Lüdenscheid. Gut 100 ehemalige Kreisbedienstete kamen jetzt zum traditionellen Pensionärstreffen ins Lüdenscheider Kreishaus. Viele von ihnen hatten vor der Zusammenkunft und dem gemeinsamen Grillen ihre Kolleginnen und Kollegen an ihren alten Arbeitsplätzen im haus besucht.

„Wir sind ein attraktiver Arbeitgeber mit vielen Möglichkeiten für die Beschäftigten“, hatte Landrat Thomas Gemke die Ehemaligen begrüßt. Ganz besonders freute er sich über die Anwesenheit von Dr. Bernhard Schneider. Der letzte Oberkreisdirektor des Märkischen Kreises lebt im münsterländischen Greven und ist jedes Jahr treuer Gast des Pensionärstreffens. Der Wähler habe seinen Arbeitsvertrag bei der jüngsten Kommunalwahl verlängert. „Es dauert also noch ein wenig, bis ich auf Ihrer Seite sitze“, so Gemke.

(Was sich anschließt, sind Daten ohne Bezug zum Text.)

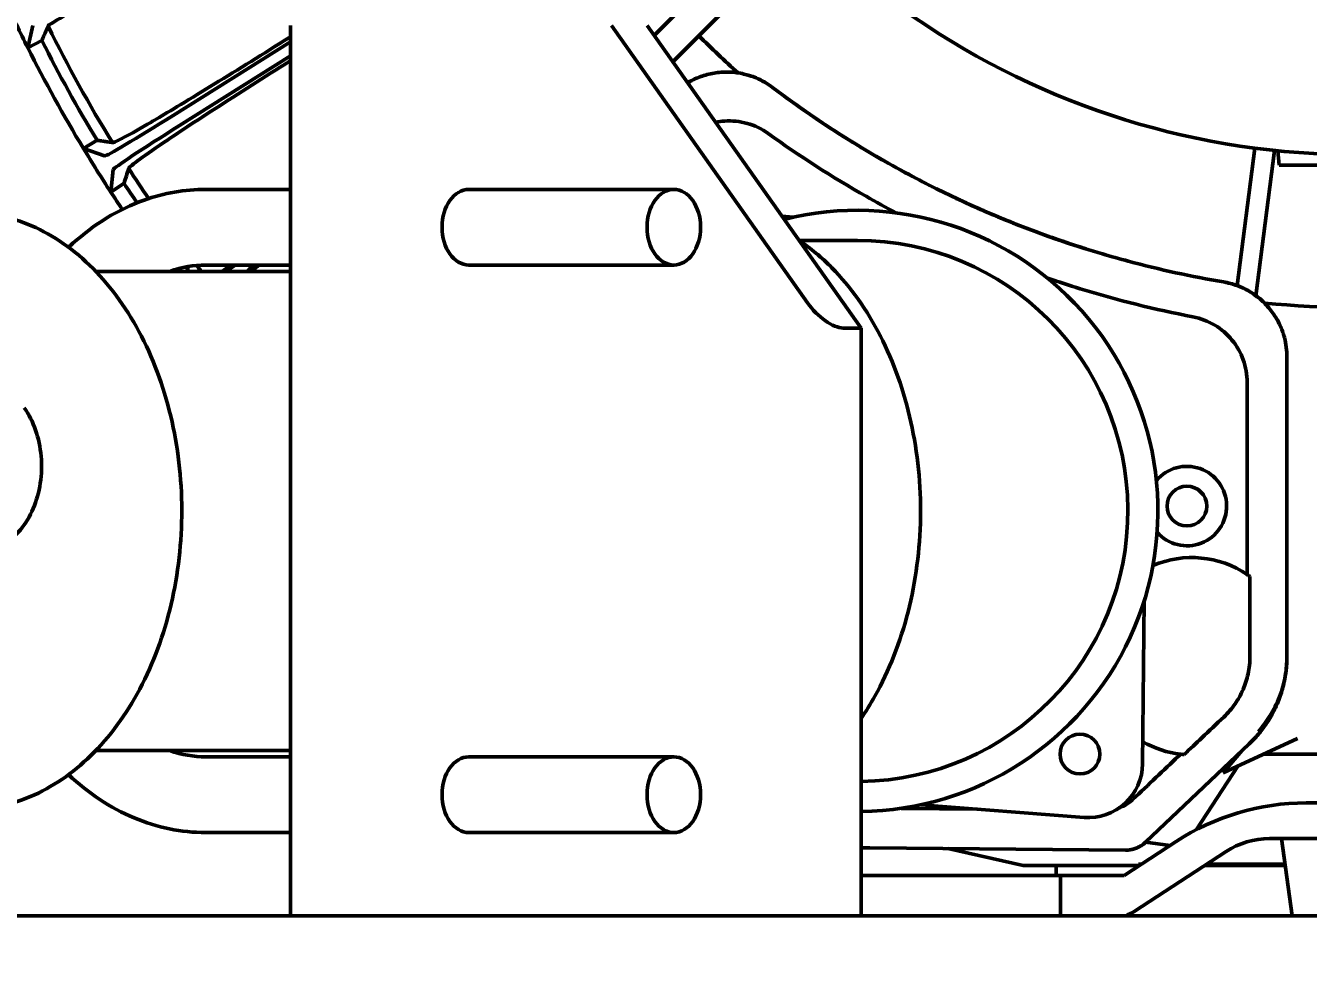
# Model space of a CAD drawing. Header units: inches. Extents: x 11 to 1621, y 11 to 1332.
# Drawn here: x 1058.74 to 1065.1, y 302.01 to 306.68 of the extents above; entities that cross this region are included whole.
import ezdxf

# ---------------------------------------------------------------- set-up
doc = ezdxf.new("R2010")
doc.units = ezdxf.units.IN
doc.header["$LTSCALE"] = 48
doc.header["$MEASUREMENT"] = 0
doc.layers.add('Dimension (ANSI)', color=7, linetype='Continuous', lineweight=25)
doc.layers.add('Visible (ANSI)', color=7, linetype='Continuous', lineweight=50)
doc.styles.add('Dimension Text', font='tahoma.ttf')
doc.dimstyles.new('ELC FT', dxfattribs={"dimscale": 48, "dimtxt": 0.12, "dimasz": 0.098425, "dimexe": 0.05, "dimexo": 0.1, "dimgap": 0.031496, "dimtad": 1, "dimdec": 5, "dimzin": 3, "dimdsep": 46, "dimlunit": 4, "dimtxsty": 'Dimension Text', "dimcen": 0.09, "dimdle": 0.5, "dimclrd": 5, "dimclre": 5, "dimclrt": 256, "dimadec": 1, "dimazin": 3, "dimtfac": 0.833333, "dimtofl": 0, "dimtmove": 0, "dimatfit": 3, "dimfxl": 0, "dimfrac": 2, "dimtolj": 1, "dimtzin": 0, "dimlwd": 25, "dimlwe": 25, "dimarcsym": 0})

# ---------------------------------------------------------------- blocks, each defined once
blk = doc.blocks.new('*D32')
at = {"layer": 'Defpoints', "color": 0, "linetype": 'Continuous', "transparency": 16777216}
for p in [(1009.1438, 460.8893), (1167.9445, 460.8893), (1018.5453, 291.4511)]:
    blk.add_point(p, dxfattribs=at)
at = {"layer": 'Dimension (ANSI)', "color": 5, "linetype": 'Continuous', "lineweight": 25, "transparency": 16777216}
for p, q in [((1163.1445, 460.8893), (1006.7438, 460.8893)), ((1009.1438, 296.1755), (1009.1438, 456.1649)), ((1013.7453, 291.4511), (1006.7438, 291.4511))]:
    blk.add_line(p, q, dxfattribs=at)
at = {"layer": 'Dimension (ANSI)', "color": 5, "linetype": 'Continuous', "transparency": 16777216}
for points in [[(1008.3564, 456.1649), (1009.9312, 456.1649), (1009.1438, 460.8893)], [(1008.3564, 296.1755), (1009.9312, 296.1755), (1009.1438, 291.4511)]]:
    blk.add_solid(points, dxfattribs=at)
at = {"layer": 'Dimension (ANSI)', "linetype": 'Continuous', "lineweight": 25, "transparency": 16777216, "insert": (1003.9957, 376.1702), "char_height": 5.76, "attachment_point": 5, "rotation": 90, "style": 'Dimension Text'}
blk.add_mtext('\\A1;14\'-1 7/16"', dxfattribs=at)
blk = doc.blocks.new('*D51')
at = {"layer": 'Defpoints', "color": 0, "linetype": 'Continuous', "transparency": 16777216}
for p in [(1146.447, 546.4511), (994.5453, 291.4511), (1018.5453, 291.4511)]:
    blk.add_point(p, dxfattribs=at)
at = {"layer": 'Dimension (ANSI)', "color": 5, "linetype": 'Continuous', "lineweight": 25, "transparency": 16777216}
for p, q in [((1141.647, 546.4511), (992.1453, 546.4511)), ((994.5453, 541.7267), (994.5453, 296.1755)), ((1013.7453, 291.4511), (992.1453, 291.4511))]:
    blk.add_line(p, q, dxfattribs=at)
at = {"layer": 'Dimension (ANSI)', "color": 5, "linetype": 'Continuous', "transparency": 16777216}
for points in [[(993.7579, 541.7267), (995.3327, 541.7267), (994.5453, 546.4511)], [(993.7579, 296.1755), (995.3327, 296.1755), (994.5453, 291.4511)]]:
    blk.add_solid(points, dxfattribs=at)
at = {"layer": 'Dimension (ANSI)', "linetype": 'Continuous', "lineweight": 25, "transparency": 16777216, "insert": (990.0336, 418.9511), "char_height": 5.76, "attachment_point": 5, "rotation": 90, "style": 'Dimension Text'}
blk.add_mtext('\\A1;21\'-3"', dxfattribs=at)

msp = doc.modelspace()

# ---------------------------------------------------------------- linework, layer by layer
at = {"layer": 'Visible (ANSI)'}
for p, q in [((1062.506883, 307.284023), (1061.85892, 306.636075)), ((1061.951154, 306.505637), (1062.615927, 307.170411)), ((1058.778003, 306.684805), (1058.753616, 306.575559)), ((1060.055836, 302.273462), (1060.055836, 306.686021)), ((1061.646826, 306.686021), (1062.619239, 305.310821)), ((1061.823603, 306.686021), (1062.884263, 305.186021)), ((1058.823597, 306.611661), (1058.753616, 306.575559)), ((1059.473645, 306.239644), (1060.055836, 306.605459)), ((1060.055836, 306.535714), (1059.505064, 306.189641)), ((1059.029325, 306.076702), (1059.097125, 306.116749)), ((1059.029325, 306.076702), (1059.1348, 306.039228)), ((1064.836672, 306.077977), (1064.74873, 305.396585)), ((1064.841514, 305.346621), (1064.934432, 306.066574)), ((1064.951054, 306.064888), (1064.956199, 305.992856)), ((1059.177476, 305.97131), (1059.165475, 305.860021)), ((1064.956199, 305.992856), (1065.704231, 305.992856)), ((1059.230973, 305.903731), (1059.165475, 305.860021)), ((1059.635991, 305.873521), (1060.055836, 305.873521)), ((1060.939719, 305.873521), (1061.956185, 305.873521)), ((1062.549223, 305.735719), (1062.492462, 305.740112)), ((1062.865951, 305.620771), (1062.576848, 305.620771)), ((1063.851979, 305.62716), (1063.851979, 305.627153)), ((1059.09079, 305.467271), (1060.055836, 305.467271)), ((1059.635991, 305.498521), (1060.055836, 305.498521)), ((1060.939719, 305.498521), (1061.956185, 305.498521)), ((1062.795733, 305.186021), (1062.884263, 305.186021)), ((1062.884263, 302.273462), (1062.884263, 305.186021)), ((1064.995569, 303.560587), (1064.995569, 305.042179)), ((1064.280065, 303.026374), (1064.288553, 303.836711)), ((1064.293758, 302.637655), (1064.808218, 303.125027)), ((1065.047313, 303.152415), (1064.678742, 302.981554)), ((1059.09079, 303.092271), (1060.055836, 303.092271)), ((1060.055836, 303.061021), (1059.635991, 303.061021)), ((1061.956185, 303.061021), (1060.939719, 303.061021)), ((1064.773545, 303.092179), (1064.678742, 302.981554)), ((1065.782971, 303.073675), (1064.877459, 303.073675)), ((1064.546784, 302.700304), (1064.751637, 303.015347)), ((1063.082435, 302.805582), (1063.46097, 302.802284)), ((1063.182679, 302.823823), (1063.990644, 302.761289)), ((1065.569995, 302.832861), (1065.090435, 302.832861)), ((1060.055836, 302.686021), (1059.635991, 302.686021)), ((1061.956185, 302.686021), (1060.939719, 302.686021)), ((1062.928596, 302.610064), (1064.195575, 302.599027)), ((1063.314896, 302.606699), (1063.688483, 302.522494)), ((1064.445754, 302.6414), (1064.188483, 302.473806)), ((1064.293758, 302.637655), (1064.416011, 302.622024)), ((1064.909203, 302.655696), (1065.751227, 302.655696)), ((1064.969353, 302.655696), (1065.021475, 302.273462)), ((1064.238187, 302.294744), (1064.69431, 302.591875)), ((1063.873522, 302.473806), (1062.884263, 302.473806)), ((1064.260479, 302.522494), (1063.688483, 302.522494)), ((1063.851979, 302.522494), (1063.851979, 302.473806)), ((1064.188483, 302.473806), (1063.873522, 302.473806)), ((1063.873522, 302.273462), (1063.873522, 302.473806)), ((1064.260479, 302.52912), (1064.273395, 302.52912)), ((1064.263208, 302.522484), (1064.260479, 302.522484)), ((1064.987518, 302.522484), (1064.587788, 302.522484)), ((1064.597975, 302.52912), (1064.986613, 302.52912)), ((1037.571979, 302.273462), (1144.134479, 302.273462))]:
    msp.add_line(p, q, dxfattribs=at)
for centre in [(1064.499629, 304.304046), (1063.969497, 303.074915)]:
    msp.add_circle(centre, 0.098425, dxfattribs=at)
for centre, radius, start, end in [((1065.330215, 309.884699), 3.838583, 72.7611425, 284.857357), ((1065.330215, 309.884699), 7.362205, 204.7184533, 206.7101181), ((1065.330215, 309.884699), 7.224409, 206.3173291, 211.5398138), ((1065.330215, 309.884699), 7.283465, 206.7038655, 211.1532773), ((1065.330215, 309.884699), 4.596457, 225, 228.3400968), ((1065.330215, 309.884699), 7.362205, 206.7101181, 211.1470247), ((1062.218208, 306.077105), 0.377844, 98.0931692, 108.7930039), ((1062.218208, 306.077105), 0.377844, 76.959095, 87.6931296), ((1062.218208, 306.077105), 0.377844, 52.9240625, 67.3424384), ((1062.218208, 306.077105), 0.377844, 118.5352502, 120.8072125), ((1065.533446, 310.464464), 5.121222, 232.9240625, 238.326021), ((1065.330215, 309.884699), 7.362205, 211.1470247, 213.1386895), ((1065.330215, 309.884699), 7.224409, 212.7459005, 214.1643397), ((1065.533446, 310.464464), 5.121222, 241.9120622, 245.2632985), ((1065.330215, 309.884699), 7.362205, 213.1386895, 213.9404239), ((1065.330215, 309.884699), 7.283465, 213.132437, 214.0472413), ((1062.865951, 304.279771), 1.49, 270.7041901, 104.0909905), ((1065.533446, 310.464464), 5.121222, 248.0750469, 251.4262832), ((1062.865951, 304.279771), 1.341, 270.7824381, 90), ((1065.330215, 309.884699), 7.27191, 217.1908548, 217.4063982), ((1065.330215, 309.884699), 7.224409, 217.4019342, 217.6950483), ((1065.533446, 310.464464), 5.121222, 255.0123244, 260.414283), ((1064.617726, 305.042179), 0.377844, 65.9959071, 80.414283), ((1064.617726, 305.042179), 0.377844, 45.6452158, 56.3792504), ((1065.330215, 309.884699), 4.596457, 264.4333157, 275.5666843), ((1064.617726, 305.042179), 0.377844, 24.5453415, 35.2451762), ((1064.617726, 305.042179), 0.377844, 0, 14.8030953), ((1064.499629, 304.304046), 0.19685, 221.4867858, 140.2158223), ((1064.524237, 303.559892), 0.488896, 55.8450448, 113.2625569), ((1064.395592, 303.560587), 0.599977, 340.7495196, 347.8522756), ((1064.395592, 303.560587), 0.599977, 326.5981522, 333.9746771), ((1064.524237, 303.559892), 0.488896, 240.1921426, 263.4346867), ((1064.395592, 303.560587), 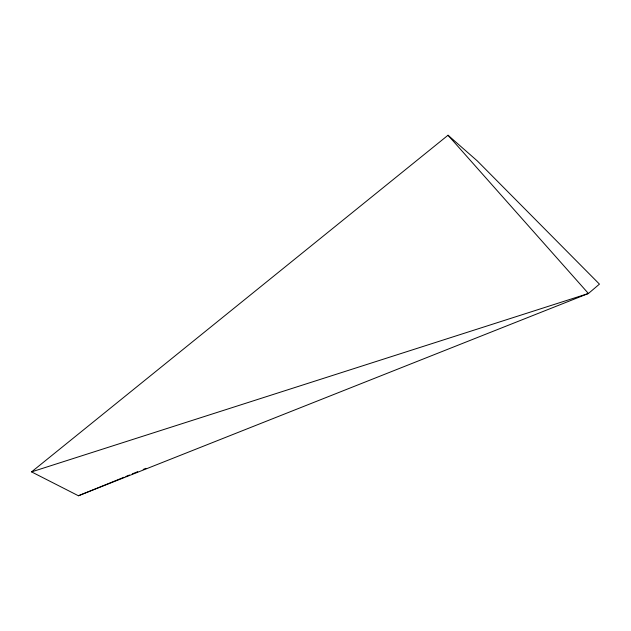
<?xml version="1.0" encoding="UTF-8"?>
<svg xmlns="http://www.w3.org/2000/svg" width="631" height="631" viewBox="0 0 631 631"><rect width="100%" height="100%" fill="white"/><g stroke="black" fill="none" stroke-linecap="round" stroke-linejoin="round"><path stroke-width="0.95" d="M31.55 471.885L448.034 135.239L477.288 160.905L599.45 284.131L588.415 293.494L78.418 495.761L31.55 471.885L588.415 293.494L448.034 135.239M78.418 495.761L124.047 477.233M125.869 476.492L129.521 475.009M132.258 473.897L137.732 471.672M143.205 469.448L145.942 468.336"/></g></svg>

Obwohl der Kreis bisher noch keine Nachwuchsprobleme habe, mache sich der demografische Wandel auch bei der Kreisverwaltung bemerkbar. „Wir bilden nur noch in Berufen aus, die wir in der Verwaltung brauchen.“ Der Landrat sprach auch die aktuellen Probleme offen an. Das Thema Pflege werde immer wichtiger. „Deshalb haben wir unsere Pflegeberatung personell aufgestockt und wollen so dazu beitragen, dass die Menschen so lange wie möglich in ihren eigenen vier Wänden bleiben können.“ Die Gesundheitsversorgung, vor allem die mit Ärzten, die sich im Kreis niederlassen, stehe ganz oben auf der Tagesordnung. Deshalb versuche der Kreis durch die Vergabe von Stipendien die angehenden Mediziner an den Kreis zu binden. Klar sei, so Gemke: „Die ärztliche Grundversorgung muss erhalten bleiben.“ (pmk)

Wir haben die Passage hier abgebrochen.